PROBLEM DETAILS:
Keep every line of the data below that has the string "Regler" and present those lines.

SOURCE MATERIAL:
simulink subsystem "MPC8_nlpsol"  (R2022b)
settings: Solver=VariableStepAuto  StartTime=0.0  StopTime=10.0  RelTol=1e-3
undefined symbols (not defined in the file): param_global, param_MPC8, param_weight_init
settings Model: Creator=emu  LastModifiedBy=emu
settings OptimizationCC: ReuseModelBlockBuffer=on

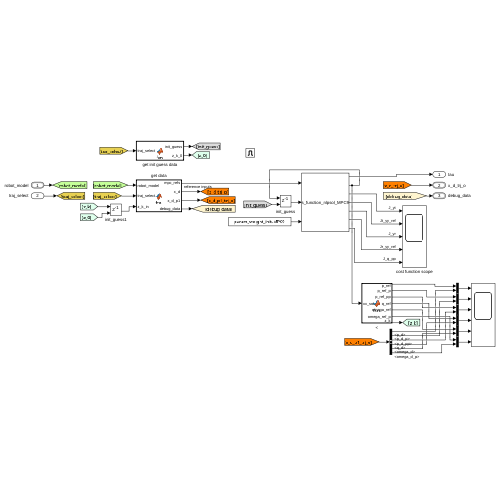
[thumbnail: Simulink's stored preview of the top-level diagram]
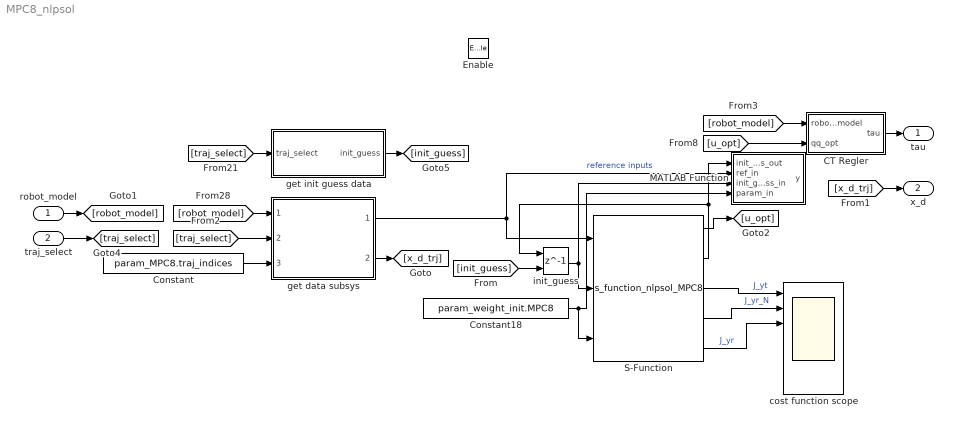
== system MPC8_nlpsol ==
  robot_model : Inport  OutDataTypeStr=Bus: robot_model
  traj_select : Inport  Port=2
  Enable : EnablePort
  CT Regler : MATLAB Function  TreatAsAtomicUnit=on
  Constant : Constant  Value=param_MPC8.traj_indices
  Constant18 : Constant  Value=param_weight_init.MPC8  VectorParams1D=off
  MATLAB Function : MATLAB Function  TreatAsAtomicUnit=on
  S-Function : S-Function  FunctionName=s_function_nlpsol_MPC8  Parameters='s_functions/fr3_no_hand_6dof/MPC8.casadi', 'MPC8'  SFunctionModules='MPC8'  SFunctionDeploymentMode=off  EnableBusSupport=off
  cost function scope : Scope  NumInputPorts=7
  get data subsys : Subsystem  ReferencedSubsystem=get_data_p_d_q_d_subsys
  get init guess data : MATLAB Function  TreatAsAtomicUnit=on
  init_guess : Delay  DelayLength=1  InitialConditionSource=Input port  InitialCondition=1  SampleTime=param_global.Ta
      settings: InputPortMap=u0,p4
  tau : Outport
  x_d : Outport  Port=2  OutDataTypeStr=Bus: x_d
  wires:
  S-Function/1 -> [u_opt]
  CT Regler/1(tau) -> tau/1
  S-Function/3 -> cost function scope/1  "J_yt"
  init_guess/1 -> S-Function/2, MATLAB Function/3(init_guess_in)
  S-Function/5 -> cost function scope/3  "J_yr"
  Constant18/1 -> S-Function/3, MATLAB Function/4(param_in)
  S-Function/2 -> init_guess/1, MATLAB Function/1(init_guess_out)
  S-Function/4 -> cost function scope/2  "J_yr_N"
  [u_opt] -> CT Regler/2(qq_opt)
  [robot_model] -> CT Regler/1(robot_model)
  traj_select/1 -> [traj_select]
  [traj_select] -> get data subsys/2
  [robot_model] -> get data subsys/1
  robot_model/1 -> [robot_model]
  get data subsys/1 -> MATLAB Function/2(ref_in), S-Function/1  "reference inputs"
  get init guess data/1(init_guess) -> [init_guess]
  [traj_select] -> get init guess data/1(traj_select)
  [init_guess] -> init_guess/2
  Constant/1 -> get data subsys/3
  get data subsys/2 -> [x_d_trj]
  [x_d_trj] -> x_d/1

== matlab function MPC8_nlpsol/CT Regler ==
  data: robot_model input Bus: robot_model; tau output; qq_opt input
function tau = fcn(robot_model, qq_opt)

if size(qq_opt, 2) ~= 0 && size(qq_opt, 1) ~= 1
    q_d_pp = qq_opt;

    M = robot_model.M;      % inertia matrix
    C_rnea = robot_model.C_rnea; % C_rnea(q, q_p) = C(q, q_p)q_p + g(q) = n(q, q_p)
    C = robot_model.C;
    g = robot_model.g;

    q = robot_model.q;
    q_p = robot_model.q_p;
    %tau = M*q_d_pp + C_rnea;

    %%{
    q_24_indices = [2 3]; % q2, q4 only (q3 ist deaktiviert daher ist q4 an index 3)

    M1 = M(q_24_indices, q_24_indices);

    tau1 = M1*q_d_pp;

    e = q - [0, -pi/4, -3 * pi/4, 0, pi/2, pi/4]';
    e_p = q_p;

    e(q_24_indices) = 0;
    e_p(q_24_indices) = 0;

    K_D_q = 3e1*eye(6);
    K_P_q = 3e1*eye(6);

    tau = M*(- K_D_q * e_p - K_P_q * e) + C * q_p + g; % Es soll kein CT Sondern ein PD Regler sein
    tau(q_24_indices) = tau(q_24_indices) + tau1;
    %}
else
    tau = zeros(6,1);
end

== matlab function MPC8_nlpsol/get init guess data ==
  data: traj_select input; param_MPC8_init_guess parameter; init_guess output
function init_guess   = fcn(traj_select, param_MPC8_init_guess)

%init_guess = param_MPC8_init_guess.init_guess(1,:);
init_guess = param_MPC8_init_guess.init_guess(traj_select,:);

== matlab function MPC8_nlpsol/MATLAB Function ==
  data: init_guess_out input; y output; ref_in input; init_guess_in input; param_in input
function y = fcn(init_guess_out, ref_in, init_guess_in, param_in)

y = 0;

RESPONSE TO THIS EXERCISE:
  CT Regler : MATLAB Function  TreatAsAtomicUnit=on
  CT Regler/1(tau) -> tau/1
  [u_opt] -> CT Regler/2(qq_opt)
  [robot_model] -> CT Regler/1(robot_model)
== matlab function MPC8_nlpsol/CT Regler ==
    tau = M*(- K_D_q * e_p - K_P_q * e) + C * q_p + g; % Es soll kein CT Sondern ein PD Regler sein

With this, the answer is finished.